189k views
0 votes
On January 1, Year 1, East Company purchased $60,000 of goodwill. On December 31, Year 4 East determined that the goodwill suffered a $25,000 permanent impairment. However, on December 31, Year 6 East estimated that it had recovered $5,000 of the impairment that had previously been considered to be a permanent impairment. Which of the following journal entries was required to recognize the impairment?

User Dodgio
by
7.6k points

1 Answer

1 vote

Final answer:

The journal entry to recognize a $25,000 impairment of goodwill on East Company's books would include a debit to Impairment Loss on Goodwill and a credit to Goodwill, reflecting the loss in the asset's value.

Step-by-step explanation:

The question relates to the concept of impairment of an intangible asset – specifically goodwill – within the field of accounting. When the student asks about the journal entry required to recognize the impairment, they are referring to the point in time when East Company determined that their goodwill suffered a $25,000 impairment.
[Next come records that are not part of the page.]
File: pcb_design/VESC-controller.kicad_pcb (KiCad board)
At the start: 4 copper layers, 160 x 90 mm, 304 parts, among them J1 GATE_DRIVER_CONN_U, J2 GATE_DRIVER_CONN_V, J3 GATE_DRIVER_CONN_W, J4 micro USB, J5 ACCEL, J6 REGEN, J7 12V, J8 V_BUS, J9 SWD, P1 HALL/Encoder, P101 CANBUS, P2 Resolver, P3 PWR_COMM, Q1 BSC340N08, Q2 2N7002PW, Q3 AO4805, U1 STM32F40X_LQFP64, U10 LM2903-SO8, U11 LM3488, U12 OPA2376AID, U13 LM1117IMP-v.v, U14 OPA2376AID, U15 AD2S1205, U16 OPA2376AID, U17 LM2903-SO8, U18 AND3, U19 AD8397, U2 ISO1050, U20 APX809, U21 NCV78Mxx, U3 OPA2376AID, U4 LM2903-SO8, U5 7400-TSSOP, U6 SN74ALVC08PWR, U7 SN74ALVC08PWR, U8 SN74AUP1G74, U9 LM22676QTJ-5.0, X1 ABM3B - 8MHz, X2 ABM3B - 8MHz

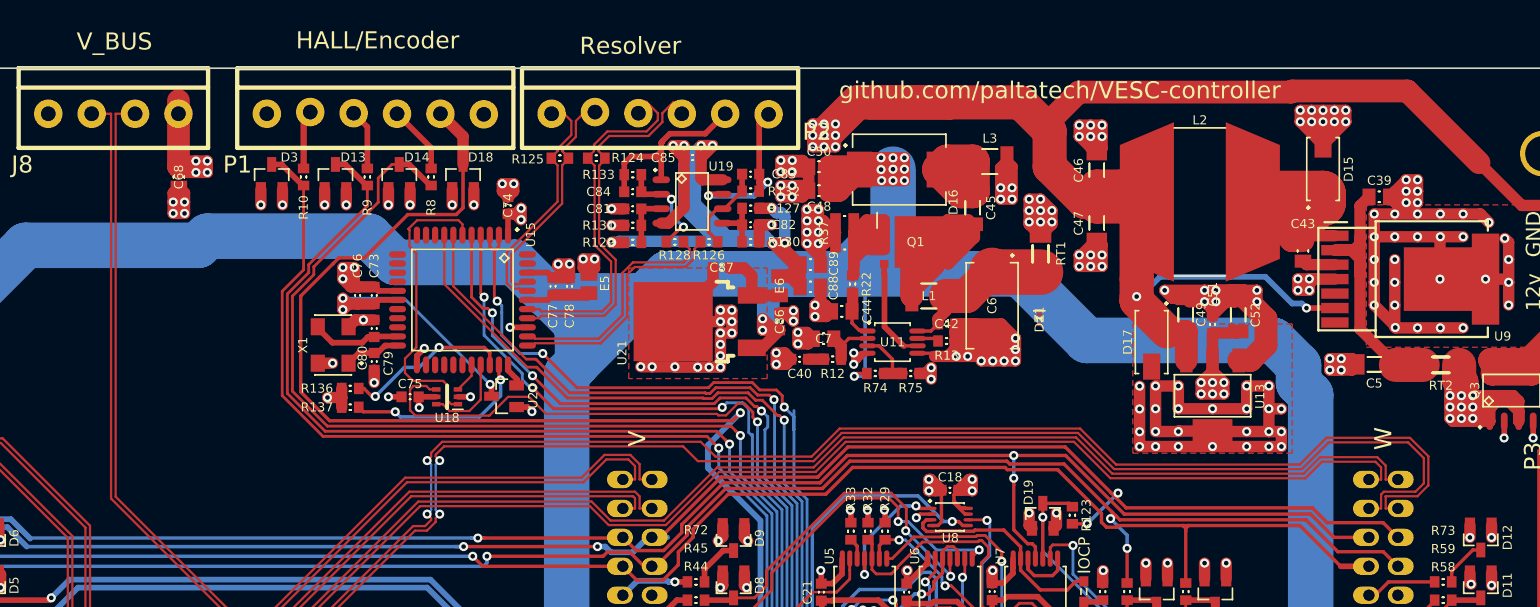
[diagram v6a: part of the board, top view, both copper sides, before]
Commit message: Had a missing pullup for the fault signal. Added silkcreens on the bottom
Signed-off-by: Marcos Chaparro <mchaparro@paltatech.com>
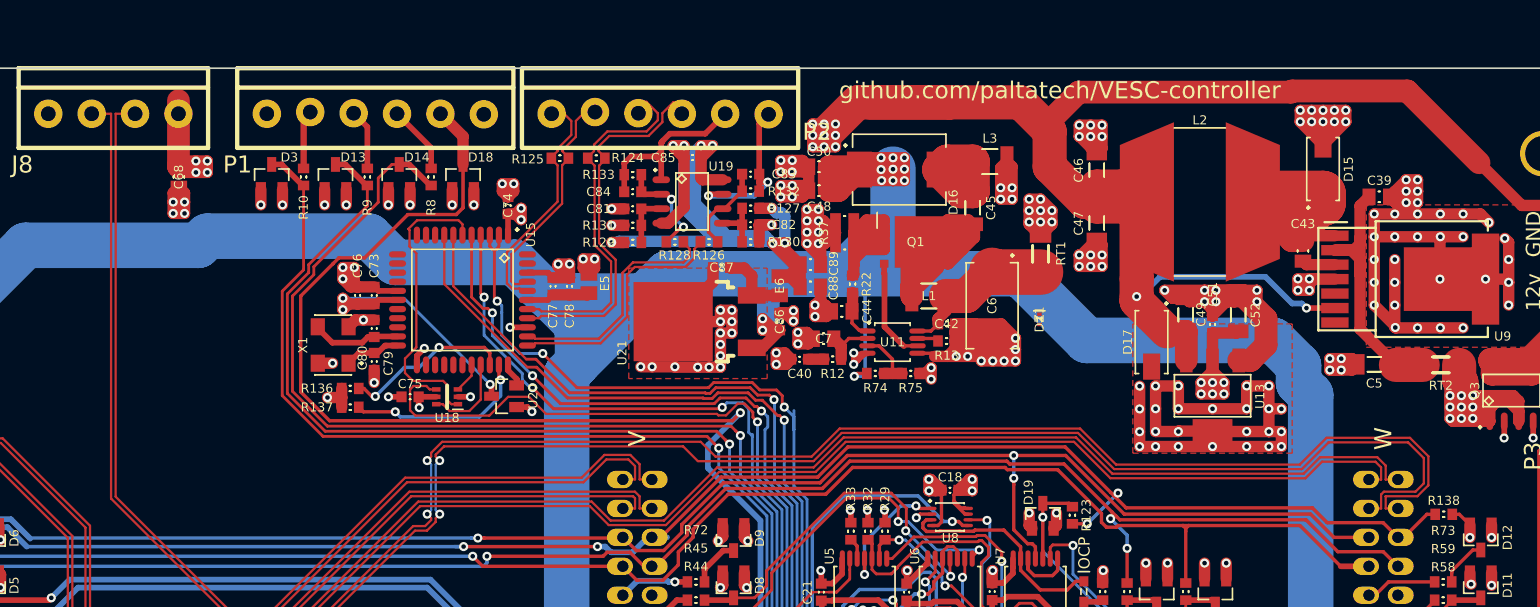
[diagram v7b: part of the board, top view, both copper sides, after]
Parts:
- added R138: 10k, IPC7351-Nominal:RESC1608X50, F.Cu at (63.8, -5.83)
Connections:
- net /MISO_RX_SCL renamed /STM32F4/MISO_ADC_EXT2
- net /RX_SCL_MOSI renamed /STM32F4/TX_SCL_MOSI
- net /SCK_ADC_EXT renamed /STM32F4/SCK_ADC_EXT
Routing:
- net ~FAULT: track 147.1 -> 151.2 mm
- net +3.3: track 192.5 -> 194.4 mm
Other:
- board text added: "+24v"
- board text added: "-VEE_CTRL"
- board text added: "3.3v"
- board text added: "5v"
- board text added: "9v-30v Supply"
- board text added: "ACCEL_IN"
- board text added: "ADC4/DAC1/RX PWM/I2C_SDA"
- board text added: "ADC5/DAC2 PWM/SPI1_SCK"
- board text added: "ADC6/PWM/ SPI1_MISO"
- board text added: "ADC7/TX PWM/I2C_SCL"
- board text added: "COS+"
- board text added: "COS-"
- board text added: "EXC+"
- board text added: "EXC-"
- board text added: "HALL_1"
- board text added: "HALL_2"
- board text added: "HALL_3"
- board text added: "I_phase+"
- board text added: "I_phase-"
- board text added: "PWM_BOT"
- board text added: "PWM_TOP"
- board text added: "PWR_GOOD"
- board text added: "REGEN_IN"
- board text added: "SIN+"
- board text added: "SIN-"
- board text added: "SUPPLY_SYNC"
- board text added: "TEMP"
- board text added: "VBUS(+)"
- board text added: "VBUS(-)"
- board text added: "V_phase+"
- board text added: "V_phase-"
- board text added: "~DRIVER_RESET"
- board text added: "~FAULT"

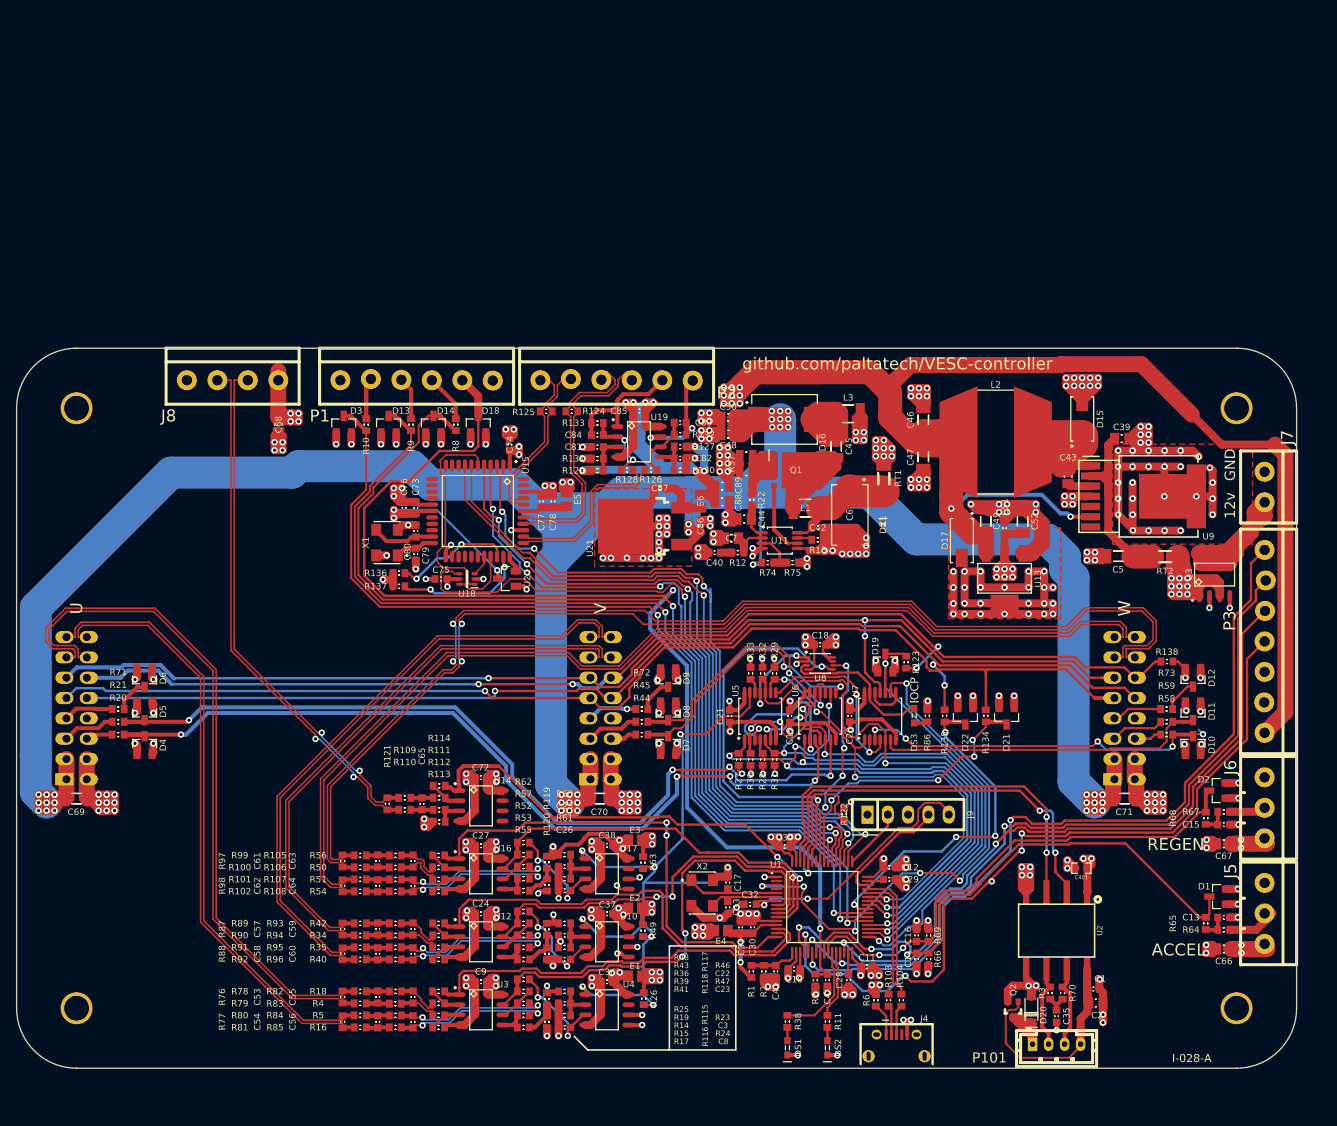
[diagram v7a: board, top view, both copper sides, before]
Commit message: Silkscreen logos, fixed swapped OCP inputs, added a button to enter bootloader,missing 3d model.
Signed-off-by: Marcos Chaparro <mchaparro@paltatech.com>
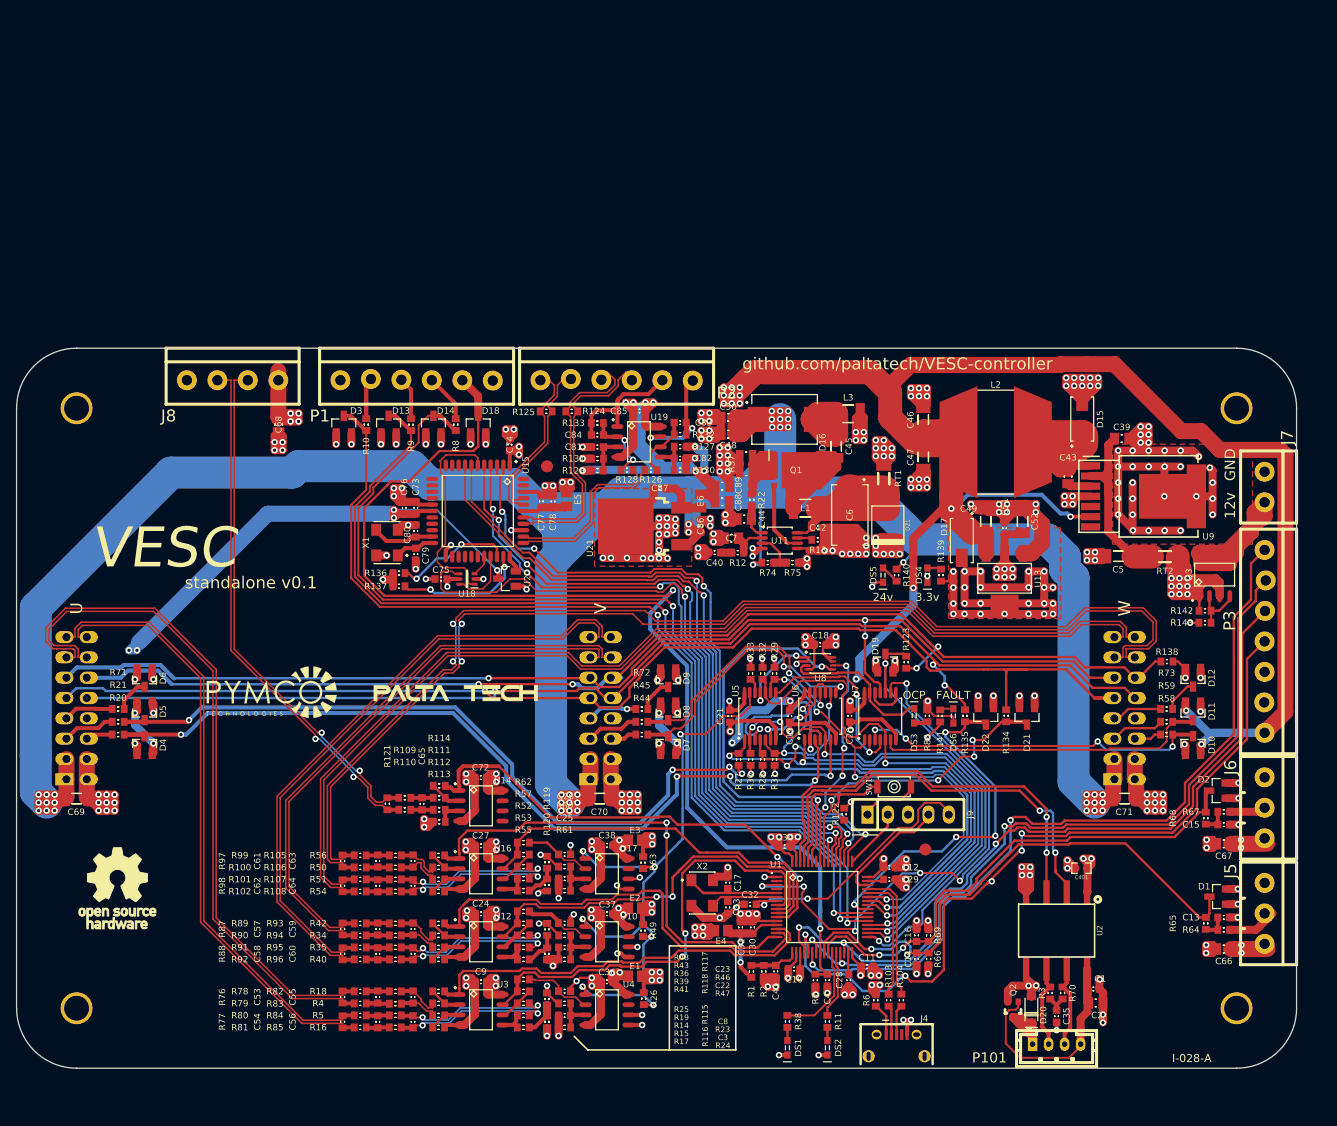
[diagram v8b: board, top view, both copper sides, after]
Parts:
- added DS4: GREEN, smd-semi:LED-0603, F.Cu at (33.8, -16.6)
- added DS5: RED, smd-semi:LED-0603, F.Cu at (28.3, -16.6)
- added DS6: FAULT, smd-semi:LED-0603, F.Cu at (37.1, 0.97)
- added G***: LOGO, paltatech:PYMCO_logo_22x15mm, F.Cu at (-48.2, -1.48)
- added G***: LOGO, mech:OSHW-10mm, F.Cu at (-67.4, 22.5)
- added G***: LOGO, paltatech:PALTA_TECH_SILKS_20mm, F.Cu at (-25.3, -1.88)
- added R139: 1k, IPC7351-Nominal:RESC1608X50, F.Cu at (35.5, -16.6)
- added R140: 10k, IPC7351-Nominal:RESC1608X50, F.Cu at (30.0, -16.6)
- added R141: 100R, IPC7351-Nominal:RESC1608X50, F.Cu at (35.4, 0.97)
- added R142: 10k, IPC7351-Nominal:RESC1608X50, F.Cu at (68.5, -12.2)
- added R143: 10k, IPC7351-Nominal:RESC1608X50, F.Cu at (68.5, -10.7)
- added REF**: FIDUCIAL-1.5mm, fab:FIDUCIAL-1.5mm, F.Cu at (-13.7, -30.2)
- added REF**: FIDUCIAL-1.5mm, fab:FIDUCIAL-1.5mm, F.Cu at (33.6, 17.7)
- added SW1: BOOTLOADER, paltatech:SMD-Switch_B3U-1000-B, F.Cu at (29.7, 9.82)
- DZ1: value ESD9L5.0ST5G -> 1SMB18CAT; footprint smd-semi:SOD-THAT -> w_smd_diode:do214aa
- U6, U7: value SN74ALVC08PWR -> SN74ACT08PWR
- moved C26 4.53 mm to (-11.5, 18.3), turned to 0 degrees
- moved C23 4.53 mm to (-11.5, 26.9), turned to 0 degrees
- moved C8 4.53 mm to (-11.5, 35.4), turned to 0 degrees
- moved R134 2.55 mm to (43.7, 0.95)
- moved D21 2.55 mm to (46.3, 0.95)
- moved D22 2.55 mm to (41.1, 0.95)
- moved R135 2.55 mm to (38.5, 0.95)
- moved C22 1.50 mm to (-11.5, 29.9)
- moved C25 1.50 mm to (-11.5, 21.3)
- moved C3 1.50 mm to (-11.5, 38.4)
- moved R23 1.50 mm to (-11.5, 36.9)
- moved R24 1.50 mm to (-11.5, 39.9)
- moved R46 1.50 mm to (-11.5, 28.4)
- moved R47 1.50 mm to (-11.5, 31.4)
- moved R60 1.50 mm to (-11.5, 19.8)
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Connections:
- C19 pad 2: +3.3 -> +5
- C20 pad 2: +3.3 -> +5
- D10 pad 2: +3.3 -> +5
- D11 pad 2: +3.3 -> +5
- D4 pad 2: +3.3 -> +5
- D5 pad 2: +3.3 -> +5
- D7 pad 2: +3.3 -> +5
- D8 pad 2: +3.3 -> +5
- Q3 pad 2: GND -> Net-(Q3-Pad2)
- Q3 pad 4: GND -> Net-(Q3-Pad2)
- U10 pad 2: Net-(C22-Pad1) -> Net-(C23-Pad1)
- U10 pad 3: Net-(C23-Pad1) -> Net-(C22-Pad1)
- U17 pad 2: Net-(C25-Pad1) -> Net-(C26-Pad1)
- U17 pad 3: Net-(C26-Pad1) -> Net-(C25-Pad1)
- U4 pad 2: Net-(C3-Pad1) -> Net-(C8-Pad1)
- U4 pad 3: Net-(C8-Pad1) -> Net-(C3-Pad1)
- U6 pad 14: +3.3 -> +5
- U7 pad 14: +3.3 -> +5
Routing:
- net +5: track 527.4 -> 682.2 mm, vias 28 -> 41
- net GND: track 700.5 -> 724.7 mm, vias 273 -> 286
- net Net-(C42-Pad1): track 14.1 -> 25.3 mm
- net /conditioning U/3.3V_AN: track 57.0 -> 48.8 mm
- net /conditioning U/OC_Fault: track 93.0 -> 84.9 mm
- net /conditioning W/3.3V_AN: track 46.4 -> 39.3 mm
- net Net-(Q3-Pad2): track 0.00 -> 6.78 mm
- net +24: track 406.2 -> 410.9 mm, vias 39 -> 40
- net Net-(C26-Pad1): track 12.8 -> 8.48 mm, vias 2 -> 0
- net Net-(C23-Pad1): track 12.7 -> 8.44 mm, vias 2 -> 0
- net Net-(C8-Pad1): track 13.1 -> 9.10 mm, vias 2 -> 0
- net Net-(R122-Pad1): track 17.8 -> 21.7 mm, vias 1 -> 0
- net /STM32F4/~FAULT: track 57.6 -> 61.4 mm, vias 2 -> 3
- net +3.3: track 194.4 -> 191.3 mm, vias 84 -> 76
- net /conditioning V/3.3V_AN: track 36.7 -> 39.5 mm
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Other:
- board text added: "24v"
- board text added: "CANH"
- board text added: "CANL"
- board text added: "FAULT"
- board text added: "VESC"
- board text added: "standalone v0.1"

Ignoring the recovery mentioned for Year 6, as accounting standards typically do not allow the reversal of goodwill impairment, the journal entry to record the impairment on December 31, Year 4 would be a debit to a loss account (such as Impairment Loss on Goodwill) and a credit to the Goodwill account to reflect the decrease in value:

  • Debit: Impairment Loss on Goodwill $25,000
  • Credit: Goodwill $25,000

This entry recognizes the loss in the value of goodwill in East Company's financial statements. Goodwill is not amortized, but it is tested annually for impairment, and when an impairment loss is recognized, it reduces the carrying value of the goodwill on the balance sheet and the loss is reflected on the income statement.